SB 95 creates new Labor Code sections 248.2 and 248.3. Under the new laws, “covered employees” are entitled to up to 80 new hours of COVID-19 supplemental paid sick leave.  While this was originally seen as a continuation of the SPSL that was a tag-along to the FFCRA and expired December 31, 2020 (Nice acronyms!), it is a completely different, expanded paid sick leave program. 

All “covered employers” must provide the new California COVID-19 supplemental paid sick leave (SPSL). Although the 2020 version of the SPSL applied only to employers with 500 or more employees. This new law (I will call it 2021 SPSL) defines “covered employer” as any business “with more than 25 employees.”

All “covered employees” are entitled to take 2021 SPSL. A “covered employee” is any employee “who [is] unable to work or telework” for a covered employer for one of the reasons listed in the new law.

The law also adds new benefits for “providers” who provide in-home supportive services as defined under the California Welfare and Institutions Code and who provide “authorized in-home supportive services … to an eligible recipient.”

Covered employees may take the new 2021 SPSL if they are unable to work or telework, and providers may take 2021 SPSL if they are unable to work due to any of the following reasons.

  1. The covered employee or provider is subject to a quarantine or isolation period related to COVID-19.
  2. A health care provider has advised the covered employee or provider to self-quarantine because of COVID-19–related concerns.
  3. The covered employee or provider is attending an appointment to receive a COVID-19 vaccine.
  4. The covered employee or provider is experiencing symptoms related to a COVID-19 vaccine that prevents the employee from being able to work or telework.
  5. The covered employee or provider is experiencing COVID-19 symptoms and is seeking a medical diagnosis.
  6. The covered employee is caring for a family member who is subject to a quarantine or isolation order or who a health care provider has advised to self-quarantine. Under the 2021 SPSL, family members include the employee’s spouse, registered domestic partner, parent (including parents-in-law), child (regardless of age or dependency), grandparent, grandchild, and sibling.
  7. The covered employee or provider is caring for a child whose school or place of care is closed or otherwise unavailable for reasons related to COVID-19 on the premises.

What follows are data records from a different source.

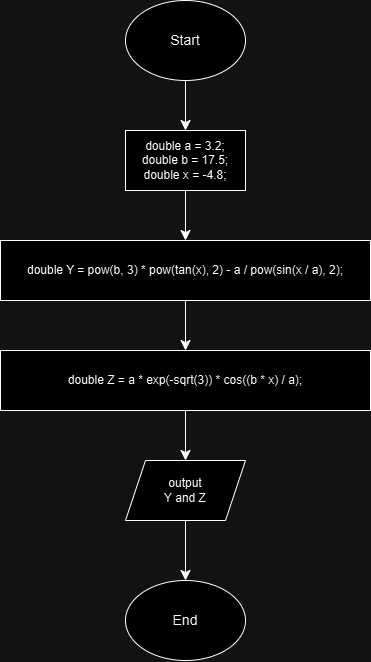

The diagram above was exported from draw.io. Its source (the exported page's mxGraphModel, read from the mxfile embedded in the PNG):
<mxGraphModel dx="769" dy="494" grid="1" gridSize="10" guides="1" tooltips="1" connect="1" arrows="1" fold="1" page="1" pageScale="1" pageWidth="827" pageHeight="1169" math="0" shadow="0">
  <root>
    <mxCell id="WIyWlLk6GJQsqaUBKTNV-0" />
    <mxCell id="WIyWlLk6GJQsqaUBKTNV-1" parent="WIyWlLk6GJQsqaUBKTNV-0" />
    <mxCell id="UL2ySo4lfTqVvcoUNIC0-8" value="" style="edgeStyle=none;curved=1;rounded=0;orthogonalLoop=1;jettySize=auto;html=1;fontSize=12;startSize=8;endSize=8;entryX=0.5;entryY=0;entryDx=0;entryDy=0;" edge="1" parent="WIyWlLk6GJQsqaUBKTNV-1" source="UL2ySo4lfTqVvcoUNIC0-0" target="UL2ySo4lfTqVvcoUNIC0-1">
      <mxGeometry relative="1" as="geometry" />
    </mxCell>
    <mxCell id="UL2ySo4lfTqVvcoUNIC0-0" value="&lt;font style=&quot;font-size: 14px;&quot;&gt;Start&lt;/font&gt;" style="ellipse;whiteSpace=wrap;html=1;" vertex="1" parent="WIyWlLk6GJQsqaUBKTNV-1">
      <mxGeometry x="320" y="90" width="120" height="80" as="geometry" />
    </mxCell>
    <mxCell id="UL2ySo4lfTqVvcoUNIC0-11" value="" style="edgeStyle=none;curved=1;rounded=0;orthogonalLoop=1;jettySize=auto;html=1;fontSize=12;startSize=8;endSize=8;" edge="1" parent="WIyWlLk6GJQsqaUBKTNV-1" source="UL2ySo4lfTqVvcoUNIC0-1" target="UL2ySo4lfTqVvcoUNIC0-2">
      <mxGeometry relative="1" as="geometry" />
    </mxCell>
    <mxCell id="UL2ySo4lfTqVvcoUNIC0-1" value="&lt;div&gt;double a = 3.2;&lt;/div&gt;&lt;div&gt;double b = 17.5;&lt;/div&gt;&lt;div&gt;double x = -4.8;&lt;/div&gt;" style="rounded=0;whiteSpace=wrap;html=1;" vertex="1" parent="WIyWlLk6GJQsqaUBKTNV-1">
      <mxGeometry x="320" y="220" width="120" height="60" as="geometry" />
    </mxCell>
    <mxCell id="UL2ySo4lfTqVvcoUNIC0-12" value="" style="edgeStyle=none;curved=1;rounded=0;orthogonalLoop=1;jettySize=auto;html=1;fontSize=12;startSize=8;endSize=8;" edge="1" parent="WIyWlLk6GJQsqaUBKTNV-1" source="UL2ySo4lfTqVvcoUNIC0-2" target="UL2ySo4lfTqVvcoUNIC0-5">
      <mxGeometry relative="1" as="geometry" />
    </mxCell>
    <mxCell id="UL2ySo4lfTqVvcoUNIC0-2" value="double Y = pow(b, 3) * pow(tan(x), 2) - a / pow(sin(x / a), 2);" style="rounded=0;whiteSpace=wrap;html=1;" vertex="1" parent="WIyWlLk6GJQsqaUBKTNV-1">
      <mxGeometry x="195" y="330" width="370" height="60" as="geometry" />
    </mxCell>
    <mxCell id="UL2ySo4lfTqVvcoUNIC0-13" value="" style="edgeStyle=none;curved=1;rounded=0;orthogonalLoop=1;jettySize=auto;html=1;fontSize=12;startSize=8;endSize=8;" edge="1" parent="WIyWlLk6GJQsqaUBKTNV-1" source="UL2ySo4lfTqVvcoUNIC0-5" target="UL2ySo4lfTqVvcoUNIC0-6">
      <mxGeometry relative="1" as="geometry" />
    </mxCell>
    <mxCell id="UL2ySo4lfTqVvcoUNIC0-5" value="double Z = a * exp(-sqrt(3)) * cos((b * x) / a);" style="rounded=0;whiteSpace=wrap;html=1;" vertex="1" parent="WIyWlLk6GJQsqaUBKTNV-1">
      <mxGeometry x="195" y="440" width="370" height="60" as="geometry" />
    </mxCell>
    <mxCell id="UL2ySo4lfTqVvcoUNIC0-14" value="" style="edgeStyle=none;curved=1;rounded=0;orthogonalLoop=1;jettySize=auto;html=1;fontSize=12;startSize=8;endSize=8;" edge="1" parent="WIyWlLk6GJQsqaUBKTNV-1" source="UL2ySo4lfTqVvcoUNIC0-6" target="UL2ySo4lfTqVvcoUNIC0-7">
      <mxGeometry relative="1" as="geometry" />
    </mxCell>
    <mxCell id="UL2ySo4lfTqVvcoUNIC0-6" value="output&lt;br&gt;Y and Z" style="shape=parallelogram;perimeter=parallelogramPerimeter;whiteSpace=wrap;html=1;fixedSize=1;" vertex="1" parent="WIyWlLk6GJQsqaUBKTNV-1">
      <mxGeometry x="320" y="550" width="120" height="60" as="geometry" />
    </mxCell>
    <mxCell id="UL2ySo4lfTqVvcoUNIC0-7" value="&lt;font style=&quot;font-size: 14px;&quot;&gt;End&lt;/font&gt;" style="ellipse;whiteSpace=wrap;html=1;" vertex="1" parent="WIyWlLk6GJQsqaUBKTNV-1">
      <mxGeometry x="320" y="670" width="120" height="80" as="geometry" />
    </mxCell>
  </root>
</mxGraphModel>

Generally, full time employees are entitled to 80 hours of 2021 SPSL, while part-time employees are entitled to a pro rata amount based on the hours worked over a two-week period. The amount of sick leave under this program is capped at $511 per day and $5,110 total for each employee.

An employee is “full time” if the employer considers the worker to be full time or the employee is scheduled to work, or worked, an average of 40 hours per week in the two weeks before the employee takes the time off. 

The 80 2021 SPSL hours are in addition to the paid sick leave that an employer must provide and to which the covered employee or provider already is entitled under the California Paid Sick Leave rules.

The 2021 SPSL is law is retroactive to January 1, 2021. This means that an employee can use COVID-19 SPSL for any absence since January 1, 2021, that falls within a covered reason. The employer must provide this retroactive payment once the employee makes a verbal or written request.  The payment is to be by the next full pay period. And the wage statement must show a line item for the payment of the 2021 SPSL (separate from any other PTO or PSL). 

An employer may not force an employee to use any other form of paid or unpaid leave or time off, including company-provided sick leave, vacation, or paid time off (PTO), before using 2021 SPSL. The employee gets to choose the amount of 2021 SPSL employees to choose the number of COVID-19 SPSL hours to use, and when, up to the number of COVID-19 SPSL hours for which the employees are eligible.  However, if 2021 SPSL is available, the Cal/OSHA exclusion pay would not be triggered.

The employer must post a notice of this new benefit.  The Labor Commissioner is supposed to make a model notice you can use – and if I catch it, I will post it on the blog! And the Labor Commissioner will enforce this new 2021 SPSL program. 

The law will expire September 30, 2021.